GIVEN RECORDS
◇ ◇ ◇ ◇

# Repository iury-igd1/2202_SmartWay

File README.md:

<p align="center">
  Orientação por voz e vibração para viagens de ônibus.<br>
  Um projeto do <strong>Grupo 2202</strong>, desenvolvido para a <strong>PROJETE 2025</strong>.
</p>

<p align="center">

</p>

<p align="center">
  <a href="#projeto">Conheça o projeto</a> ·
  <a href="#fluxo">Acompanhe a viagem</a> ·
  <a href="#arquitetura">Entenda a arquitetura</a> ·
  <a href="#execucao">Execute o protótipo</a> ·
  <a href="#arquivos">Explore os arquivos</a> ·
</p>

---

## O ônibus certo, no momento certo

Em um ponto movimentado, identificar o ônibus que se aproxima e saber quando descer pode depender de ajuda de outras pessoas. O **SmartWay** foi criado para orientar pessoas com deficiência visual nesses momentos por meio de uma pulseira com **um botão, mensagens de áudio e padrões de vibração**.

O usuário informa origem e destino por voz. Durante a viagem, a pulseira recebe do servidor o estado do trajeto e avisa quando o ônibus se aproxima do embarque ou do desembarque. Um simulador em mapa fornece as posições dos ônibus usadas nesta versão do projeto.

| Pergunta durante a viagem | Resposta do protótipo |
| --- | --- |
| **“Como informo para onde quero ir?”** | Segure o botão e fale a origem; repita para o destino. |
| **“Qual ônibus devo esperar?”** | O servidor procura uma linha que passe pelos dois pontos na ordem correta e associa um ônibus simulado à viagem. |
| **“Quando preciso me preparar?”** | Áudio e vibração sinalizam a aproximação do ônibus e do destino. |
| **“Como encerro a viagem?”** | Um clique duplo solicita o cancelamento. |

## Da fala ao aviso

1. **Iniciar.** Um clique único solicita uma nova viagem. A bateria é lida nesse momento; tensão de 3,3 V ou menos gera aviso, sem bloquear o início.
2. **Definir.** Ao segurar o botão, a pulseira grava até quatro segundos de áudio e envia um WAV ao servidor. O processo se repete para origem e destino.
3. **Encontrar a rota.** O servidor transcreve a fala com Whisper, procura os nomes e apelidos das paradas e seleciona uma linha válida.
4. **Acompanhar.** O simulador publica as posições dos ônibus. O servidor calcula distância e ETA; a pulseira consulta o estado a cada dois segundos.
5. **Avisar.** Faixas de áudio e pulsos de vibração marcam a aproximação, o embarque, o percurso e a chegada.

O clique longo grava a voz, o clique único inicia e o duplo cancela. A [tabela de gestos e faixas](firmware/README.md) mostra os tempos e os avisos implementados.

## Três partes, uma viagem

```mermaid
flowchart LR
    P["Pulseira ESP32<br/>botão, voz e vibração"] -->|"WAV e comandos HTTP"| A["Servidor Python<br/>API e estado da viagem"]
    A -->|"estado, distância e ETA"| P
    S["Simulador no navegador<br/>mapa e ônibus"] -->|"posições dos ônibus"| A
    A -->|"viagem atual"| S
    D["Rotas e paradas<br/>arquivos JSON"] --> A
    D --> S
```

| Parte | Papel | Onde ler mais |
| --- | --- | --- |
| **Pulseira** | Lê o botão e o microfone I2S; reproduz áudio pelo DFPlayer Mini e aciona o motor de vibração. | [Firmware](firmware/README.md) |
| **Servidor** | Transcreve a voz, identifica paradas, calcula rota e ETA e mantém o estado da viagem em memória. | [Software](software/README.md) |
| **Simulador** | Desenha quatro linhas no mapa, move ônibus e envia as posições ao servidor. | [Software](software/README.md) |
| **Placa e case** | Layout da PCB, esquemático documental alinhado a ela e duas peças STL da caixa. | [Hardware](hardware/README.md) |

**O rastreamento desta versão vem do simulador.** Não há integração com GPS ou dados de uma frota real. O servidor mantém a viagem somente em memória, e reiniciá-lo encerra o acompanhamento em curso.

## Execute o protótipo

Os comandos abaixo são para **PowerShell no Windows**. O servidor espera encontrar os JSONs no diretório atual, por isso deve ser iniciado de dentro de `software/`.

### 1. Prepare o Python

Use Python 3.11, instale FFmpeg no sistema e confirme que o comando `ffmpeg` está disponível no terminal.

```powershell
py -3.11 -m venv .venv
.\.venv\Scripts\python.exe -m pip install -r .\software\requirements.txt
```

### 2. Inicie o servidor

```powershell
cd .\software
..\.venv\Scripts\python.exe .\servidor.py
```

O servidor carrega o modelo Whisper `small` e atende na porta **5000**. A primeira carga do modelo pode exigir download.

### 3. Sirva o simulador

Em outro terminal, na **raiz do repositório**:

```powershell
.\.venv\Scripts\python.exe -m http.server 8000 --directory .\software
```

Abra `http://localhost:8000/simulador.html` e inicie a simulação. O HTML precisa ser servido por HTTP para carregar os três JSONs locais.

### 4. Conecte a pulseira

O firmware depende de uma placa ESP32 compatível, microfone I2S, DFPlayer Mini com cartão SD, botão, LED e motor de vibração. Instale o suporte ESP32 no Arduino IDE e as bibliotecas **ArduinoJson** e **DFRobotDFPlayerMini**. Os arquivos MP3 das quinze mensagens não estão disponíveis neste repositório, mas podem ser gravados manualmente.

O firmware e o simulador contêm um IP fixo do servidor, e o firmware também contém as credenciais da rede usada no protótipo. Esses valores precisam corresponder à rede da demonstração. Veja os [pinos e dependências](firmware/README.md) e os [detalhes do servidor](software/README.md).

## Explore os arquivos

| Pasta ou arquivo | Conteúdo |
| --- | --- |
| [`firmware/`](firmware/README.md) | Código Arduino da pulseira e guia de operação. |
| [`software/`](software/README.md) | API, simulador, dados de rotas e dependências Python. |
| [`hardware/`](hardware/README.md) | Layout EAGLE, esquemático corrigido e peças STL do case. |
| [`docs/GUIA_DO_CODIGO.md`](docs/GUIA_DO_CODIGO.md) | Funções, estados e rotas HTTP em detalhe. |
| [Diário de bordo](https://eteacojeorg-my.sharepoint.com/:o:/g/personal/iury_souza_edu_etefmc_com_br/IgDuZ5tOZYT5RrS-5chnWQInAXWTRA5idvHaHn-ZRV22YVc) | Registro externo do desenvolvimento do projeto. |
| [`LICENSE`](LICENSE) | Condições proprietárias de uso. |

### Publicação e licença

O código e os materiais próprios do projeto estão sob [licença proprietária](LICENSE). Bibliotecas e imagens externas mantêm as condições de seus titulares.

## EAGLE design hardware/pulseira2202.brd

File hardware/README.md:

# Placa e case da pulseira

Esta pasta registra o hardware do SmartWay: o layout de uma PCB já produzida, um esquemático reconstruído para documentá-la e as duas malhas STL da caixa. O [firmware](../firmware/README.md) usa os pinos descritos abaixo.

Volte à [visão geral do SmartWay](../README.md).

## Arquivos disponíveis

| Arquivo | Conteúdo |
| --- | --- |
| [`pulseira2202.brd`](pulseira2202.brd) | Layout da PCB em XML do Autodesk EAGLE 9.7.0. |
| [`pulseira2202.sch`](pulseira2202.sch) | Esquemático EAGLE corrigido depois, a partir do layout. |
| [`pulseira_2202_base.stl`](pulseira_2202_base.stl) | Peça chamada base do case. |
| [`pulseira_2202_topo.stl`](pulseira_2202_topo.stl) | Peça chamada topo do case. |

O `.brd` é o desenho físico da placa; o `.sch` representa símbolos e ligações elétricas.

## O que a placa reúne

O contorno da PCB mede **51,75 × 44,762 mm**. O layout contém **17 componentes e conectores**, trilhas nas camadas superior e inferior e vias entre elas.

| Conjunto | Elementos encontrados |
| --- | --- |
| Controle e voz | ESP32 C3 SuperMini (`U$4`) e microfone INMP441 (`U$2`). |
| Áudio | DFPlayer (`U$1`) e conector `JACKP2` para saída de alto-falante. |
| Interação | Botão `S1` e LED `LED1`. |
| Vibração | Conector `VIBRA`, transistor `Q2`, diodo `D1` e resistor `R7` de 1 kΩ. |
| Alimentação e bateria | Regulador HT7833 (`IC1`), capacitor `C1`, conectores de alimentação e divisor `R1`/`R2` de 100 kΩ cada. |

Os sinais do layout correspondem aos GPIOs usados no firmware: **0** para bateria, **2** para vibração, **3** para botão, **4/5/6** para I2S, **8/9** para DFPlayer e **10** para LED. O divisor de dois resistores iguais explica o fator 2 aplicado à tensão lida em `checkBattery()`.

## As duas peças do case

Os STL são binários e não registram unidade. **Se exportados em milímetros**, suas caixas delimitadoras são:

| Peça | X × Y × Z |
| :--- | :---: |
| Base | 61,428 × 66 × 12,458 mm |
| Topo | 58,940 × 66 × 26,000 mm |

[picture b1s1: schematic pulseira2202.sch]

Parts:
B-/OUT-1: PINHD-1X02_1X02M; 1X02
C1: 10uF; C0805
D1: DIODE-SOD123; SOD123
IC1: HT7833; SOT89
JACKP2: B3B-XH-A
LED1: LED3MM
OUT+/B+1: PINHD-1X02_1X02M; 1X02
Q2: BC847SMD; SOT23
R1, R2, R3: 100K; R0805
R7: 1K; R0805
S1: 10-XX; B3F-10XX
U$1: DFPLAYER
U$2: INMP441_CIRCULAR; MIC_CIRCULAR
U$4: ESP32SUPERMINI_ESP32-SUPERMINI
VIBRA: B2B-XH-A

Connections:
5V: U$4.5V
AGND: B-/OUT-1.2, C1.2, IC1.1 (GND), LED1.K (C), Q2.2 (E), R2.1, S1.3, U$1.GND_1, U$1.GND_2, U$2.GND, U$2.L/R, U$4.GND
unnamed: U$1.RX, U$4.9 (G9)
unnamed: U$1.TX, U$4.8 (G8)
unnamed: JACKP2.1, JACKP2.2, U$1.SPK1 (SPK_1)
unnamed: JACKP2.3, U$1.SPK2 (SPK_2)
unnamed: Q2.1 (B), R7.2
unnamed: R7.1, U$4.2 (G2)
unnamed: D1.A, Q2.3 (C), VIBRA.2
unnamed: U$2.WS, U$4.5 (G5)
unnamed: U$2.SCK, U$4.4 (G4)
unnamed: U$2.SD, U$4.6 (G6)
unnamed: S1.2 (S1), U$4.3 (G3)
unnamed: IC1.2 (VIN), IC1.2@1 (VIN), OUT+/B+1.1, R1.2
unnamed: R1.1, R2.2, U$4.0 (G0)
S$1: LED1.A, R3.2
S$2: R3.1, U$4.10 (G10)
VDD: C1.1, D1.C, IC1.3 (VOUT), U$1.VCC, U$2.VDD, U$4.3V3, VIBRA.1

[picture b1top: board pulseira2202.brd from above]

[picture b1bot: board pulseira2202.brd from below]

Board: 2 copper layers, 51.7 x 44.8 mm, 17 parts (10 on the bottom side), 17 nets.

◇ ◇ ◇ ◇

AIM OF THE EXERCISE
Using the records above, filter out every line that lacks the string "hardware" and copy the rest.

RESPONSE
| **Placa e case** | Layout da PCB, esquemático documental alinhado a ela e duas peças STL da caixa. | [Hardware](hardware/README.md) |
| [`hardware/`](hardware/README.md) | Layout EAGLE, esquemático corrigido e peças STL do case. |
## EAGLE design hardware/pulseira2202.brd
File hardware/README.md:
Esta pasta registra o hardware do SmartWay: o layout de uma PCB já produzida, um esquemático reconstruído para documentá-la e as duas malhas STL da caixa. O [firmware](../firmware/README.md) usa os pinos descritos abaixo.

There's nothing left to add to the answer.